温かくて、柔らかくて、頬がふわりと熱を帯びる。
マクシムは、ノンナの初恋だった。
初めて念話でつながったとき、その冷静さと優しさに、どれだけ救われたか分からない。
一緒にいるだけで、嬉しかった。
――ずっと一緒にいたい。マクシム様が、元気で、ちゃんと良い仕事ができるように、そばにいたい。

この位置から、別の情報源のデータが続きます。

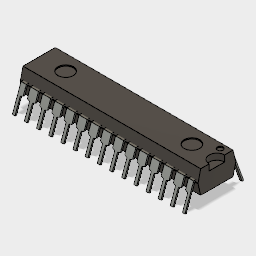
atmega328p v3 (Autodesk Fusion 360 design; units mm, degrees)
Autodesk Fusion 360 part; units mm, degrees
note: some values were not read from the file. Set by a fixed rule: which sketch regions a step uses.
sketch "IC" plane through (0, 0, 0) normal (0, 1, 0) x (1, 0, 0)
  line L0 (0, 0) -> (34.5, 0)
  line L1 (34.5, 0) -> (34.5, -7.3)
  line L2 (34.5, -7.3) -> (0, -7.3)
  line L3 (0, -7.3) -> (0, 0)
  dimension "d1" = 34.5
  dimension "d2" = 7.3
  measures "d1" distance of L0.start L0.end
  measures "d2" distance of L0.start L2.end
extrude "Extrude1" add sketch "IC" along normal blind 4.5 makes body 1
sketch "SideCut" plane through (34.5, 0, 0) normal (1, 0, 0) x (0, 0, -1)
  line L0 (-7.3, 0) -> (0, 0)
  line L1 (0, 0) -> (0, 4.5)
  line L2 (0, 4.5) -> (-7.3, 4.5)
  line L3 (-7.3, 4.5) -> (-7.3, 0)
  line L4 (-7.3, 2.25) -> (0, 2.25) construction
  line L5 (0, 2.2) -> (-7.3, 2.2) construction
  line L6 (-7.3, 2.2) -> (-7.3, 2.3) construction
  line L7 (-7.3, 2.3) -> (0, 2.3) construction
  line L8 (0, 2.3) -> (0, 2.2) construction
  line L9 (0, 2.2) -> (-7.3, 2.3) construction
  line L10 (-7.3, 2.2) -> (0, 2.3) construction
  line L11 (-7.3, 2.2) -> (-6.8, 0)
  line L12 (-7.3, 0) -> (-7.3, 2.2)
  line L13 (-7.3, 0) -> (-6.8, 0)
  line L14 (-3.65, 2.25) -> (-3.65, 6) construction
  line L15 (0, 0) -> (0, 2.2)
  line L16 (0, 2.2) -> (-0.5, 0)
  line L17 (0, 0) -> (-0.5, 0)
  line L18 (0, 2.3) -> (-0.5, 4.5)
  line L19 (0, 4.5) -> (0, 2.3)
  line L20 (0, 4.5) -> (-0.5, 4.5)
  line L21 (-7.3, 2.3) -> (-6.8, 4.5)
  line L22 (-7.3, 4.5) -> (-7.3, 2.3)
  line L23 (-7.3, 4.5) -> (-6.8, 4.5)
  point P0 (-3.65, 2.25)
  dimension "d5" = 0.1
  dimension "d6" = 0.5
  measures "d5" distance of L5 L7
  measures "d6" distance of L11.end L0.start
extrude "Extrude2" cut sketch "SideCut" against normal up to surface (34.5 mm away) contours L0 L3 L11 L12 L13 | L0 L1 L15 L16 L17 | L2 L3 L21 L22 L23 | L1 L2 L18 L19 L20 bodies 1
sketch "TopHoleSide" plane through (0, 4.5, 0) normal (0, 1, 0) x (-1, 0, 0)
  line L0 (0, 6.8) -> (-34.5, 6.8)
  line L1 (-34.5, 6.8) -> (-34.5, 0.5)
  line L2 (-34.5, 0.5) -> (0, 0.5)
  line L3 (0, 0.5) -> (0, 6.8)
  line L4 (0, 3.65) -> (-34.5, 3.65) construction
  circle A0 centre (-34.5, 3.65) radius 1.5
  dimension "d9" = 3
  measures "d9" diameter of A0
extrude "Extrude3" cut sketch "TopHoleSide" against normal blind 1.2 contours L1 A0 picked at (-34.15, 4.1048) bodies 1
sketch "TopHoles" plane through (0, 4.5, 0) normal (0, 1, 0) x (-1, 0, 0)
  arc A0 (-34.5, 2.15) -> (-34.5, 5.15) centre (-34.5, 3.65) ccw
  line L0 (-34.5, 2.15) -> (-34.5, 0.5)
  line L1 (-34.5, 0.5) -> (0, 0.5)
  line L2 (0, 0.5) -> (0, 6.8)
  line L3 (0, 6.8) -> (-34.5, 6.8)
  line L4 (-34.5, 6.8) -> (-34.5, 5.15)
  line L5 (-34.5, 2.15) -> (-34.5, 5.15)
  line L6 (0, 3.5) -> (-34.5, 3.5) construction
  circle A1 centre (-29.5, 3.5) radius 1.5
  circle A2 centre (-5, 3.5) radius 1.5
  circle A3 centre (-33, 1.5) radius 0.55
  dimension "d12" = 5
  dimension "d13" = 5
  dimension "d14" = 1.1
  dimension "d15" = 2
  dimension "d16" = 1.5
  measures "d12" distance of L6.start A2.centre
  measures "d13" distance of L6.end A1.centre
  measures "d14" diameter of A3
  measures "d15" distance of L6.end A3.centre
  measures "d16" distance of L6.end A3.centre
extrude "Extrude4" cut sketch "TopHoles" against normal blind 0.2 contours A1 | A2 | A3 bodies 1
ref_plane "WorkPlane1" through (34, 2.25, 3.65) normal (1, 0, 0) x (0, 0, -1)
copy_body "Body->Comp1" bodies 1 removing the originals makes body 2 in component "IC"
sketch "PinBase" plane through (34, 2.25, 3.65) normal (1, 0, 0) x (0, 0, -1)
  line L0 (3.65, -0.05) -> (3.65, 0.05)
  line L1 (-3.65, 0.05) -> (3.65, 0.05) construction
  line L2 (-3.7899, 0.05) -> (3.7899, 0.05)
  line L3 (3.7899, 0.05) -> (5.4282, -4.4511)
  line L4 (5.4282, -4.4511) -> (5.7101, -4.3485)
  line L5 (5.7101, -4.3485) -> (4, 0.35)
  line L6 (4, 0.35) -> (-4, 0.35)
  line L7 (-4, 0.35) -> (-5.7101, -4.3485)
  line L8 (-5.7101, -4.3485) -> (-5.4282, -4.4511)
  line L9 (-5.4282, -4.4511) -> (-3.7899, 0.05)
  line L10 (0, 1.2) -> (0, -0.7) construction
  point P0 (-3.65, 0.05)
  point P1 (3.65, 0.05)
  dimension "d20" = 8
  dimension "d21" = 0.3
  dimension "d22" = 0.3
  dimension "d23" = 0.3
  dimension "d26" = 110
  dimension "d27" = 110
  dimension "d28" = 4
  dimension "d34" = 5
  dimension "d35" = 5
  measures "d20" distance of L5.end L6.end
  measures "d21" distance of L2 L6
  measures "d22" distance of L7 L9
  measures "d23" distance of L3 L5
  measures "d26" angle of L2 L3
  measures "d27" angle of L2 L9
  measures "d28" distance of L5.end L10
  measures "d34" distance of L6.end L7.end
  measures "d35" distance of L4.end L5.end
extrude "Extrude5" add sketch "PinBase" against normal blind 33.5 separate body makes body 3
ref_plane "WorkPlane2" through (17.25, 2.25, 3.65) normal (0, 0, 1) x (1, 0, 0)
sketch "pinCut" plane through (0, 2.7628, 7.5907) normal (0, 0.34202, 0.939693) x (1, 0, 0)
  line L0 (34, -5.1733) -> (34, -0.1733)
  line L1 (34, -0.1733) -> (0.5, -0.1733)
  line L2 (0.5, -0.1733) -> (0.5, -5.1733)
  line L3 (0.5, -5.1733) -> (34, -5.1733)
  line L4 (34, -1.9733) -> (0.5, -1.9733) construction
  line L5 (34, -5.1733) -> (33, -5.1733) construction
  line L6 (33.5, -5.1733) -> (33.5, -2.1733)
  line L7 (33.5, -2.1733) -> (33, -1.9733)
  line L8 (0, -0.171) -> (34.5, -0.171) construction
  line L9 (33, 1.2567) -> (33, -1.9733)
  line L10 (34, -5.1733) -> (33.75, -5.1733) construction
  line L11 (33.75, -5.1733) -> (31.21, -5.1733) construction
  line L12 (31.21, -5.1733) -> (31.71, -5.1733) construction
  line L13 (33.5, -5.1733) -> (31.71, -5.1733)
  line L14 (31.71, -5.1733) -> (31.71, -2.1733)
  line L15 (31.71, -2.1733) -> (32.21, -1.9733)
  line L16 (32.21, -1.9733) -> (32.21, 1.2567)
  line L17 (32.21, 1.2567) -> (33, 1.2567)
  dimension "d33" = 3.2
  dimension "d36" = 1
  dimension "d37" = 1
  dimension "d38" = 0.2
  dimension "d39" = 0.25
  dimension "d40" = 2.54
  dimension "d41" = 2.54
  dimension "d42" = 0.5
  dimension "d43" = 0.2
  dimension "d44" = 1
  dimension "d47" = 1.43
  measures "d33" distance of L3 L4
  measures "d36" distance of L0.start L5.end
  measures "d37" distance of L0 L9
  measures "d38" distance of L4 L6.end
  measures "d39" distance of L0.start L10.end
  measures "d40" distance of L10.end L11.end
  measures "d41" distance of L10.end L11.end
  measures "d42" distance of L11.end L12.end
  measures "d43" distance of L14.end L15.end
  measures "d44" distance of L11.end L16.end
  measures "d47" distance of L1 L17
extrude "Extrude8" cut sketch "pinCut" against normal blind 2.8 contours L1 L3 L6 L7 L9 L13 L14 L15 L16 | L1 L9 L16 L17 bodies 3
pattern_linear "R-Pattern1" count 14 spacing 2.36 along (-1, 0, 0) of "Extrude8"
mirror "Mirror1" about plane through (17.25, 2.25, 3.65) normal (0, 0, 1) of "Extrude8", "R-Pattern1"
component "IC" placed x (1, 0, 0) y (0, 1, 0) z (0, 0, 1) at (0, 0, 0)
equation "d22 = d21"
equation "d23 = d21"
equation "d27 = d26"
equation "d28 = d20 / 2"
equation "d35 = d34"
equation "d37 = d36"
equation "d43 = d38"

彼の仕草や表情には、ときどき、同じ想いがにじんでいるように感じることがあった。
たとえば、研究会の要請で精霊眼を使いすぎ、魔力切れで倒れた日。
「無理をしすぎだ」
苛立つでもなく、静かに叱ったその声に、はっきりと心配が滲んでいた。
支える手。覗き込むまなざし。そのどれもが、ノンナの心を揺らす。
「彼女に負担をかけすぎるな。この力が、ただ使われるもので終わらぬように……ともに考えていこう」
マクシムは研究会の仲間にそう告げた。
ノンナを支えるその手のぬくもりが、胸の奥で小さく灯をともした。
でも……。
期待して、裏切られるのが怖い。
教育も愛情もろくに与えられず育ったノンナにとって、マクシムは遠い存在でもあった。
今は女子爵とはいえ、将来の公爵であるマクシムとは、大きな身分差がある。
想いを知られたら、彼の態度が変わってしまうかもしれない。
想いがかなっても、重荷になってしまうかもしれない。
その恐れは、どうしても消えなかった。
それでも……。
マクシムは初めて会ったときから、ノンナがただ復讐を果たすためでなく、もっと意味のある未来を切り拓けると信じてくれていた。
そしてその信頼を、継母の断罪が終わった今も、変わらず示してくれていた。
***
断罪の夜会からおよそ1か月後。
ノンナとサンディは、マクシムと共にフォートハイト伯爵家を訪れた。
ドナルド・フォートハイト伯爵が爵位を返上し、サンディが正式に後継者となる手続きを行うためだ。
――あの夜、精霊眼に照らされた真実のもと、母ユリアを愛し、想いを継ぐ者たちが、いまここに集おうとしている。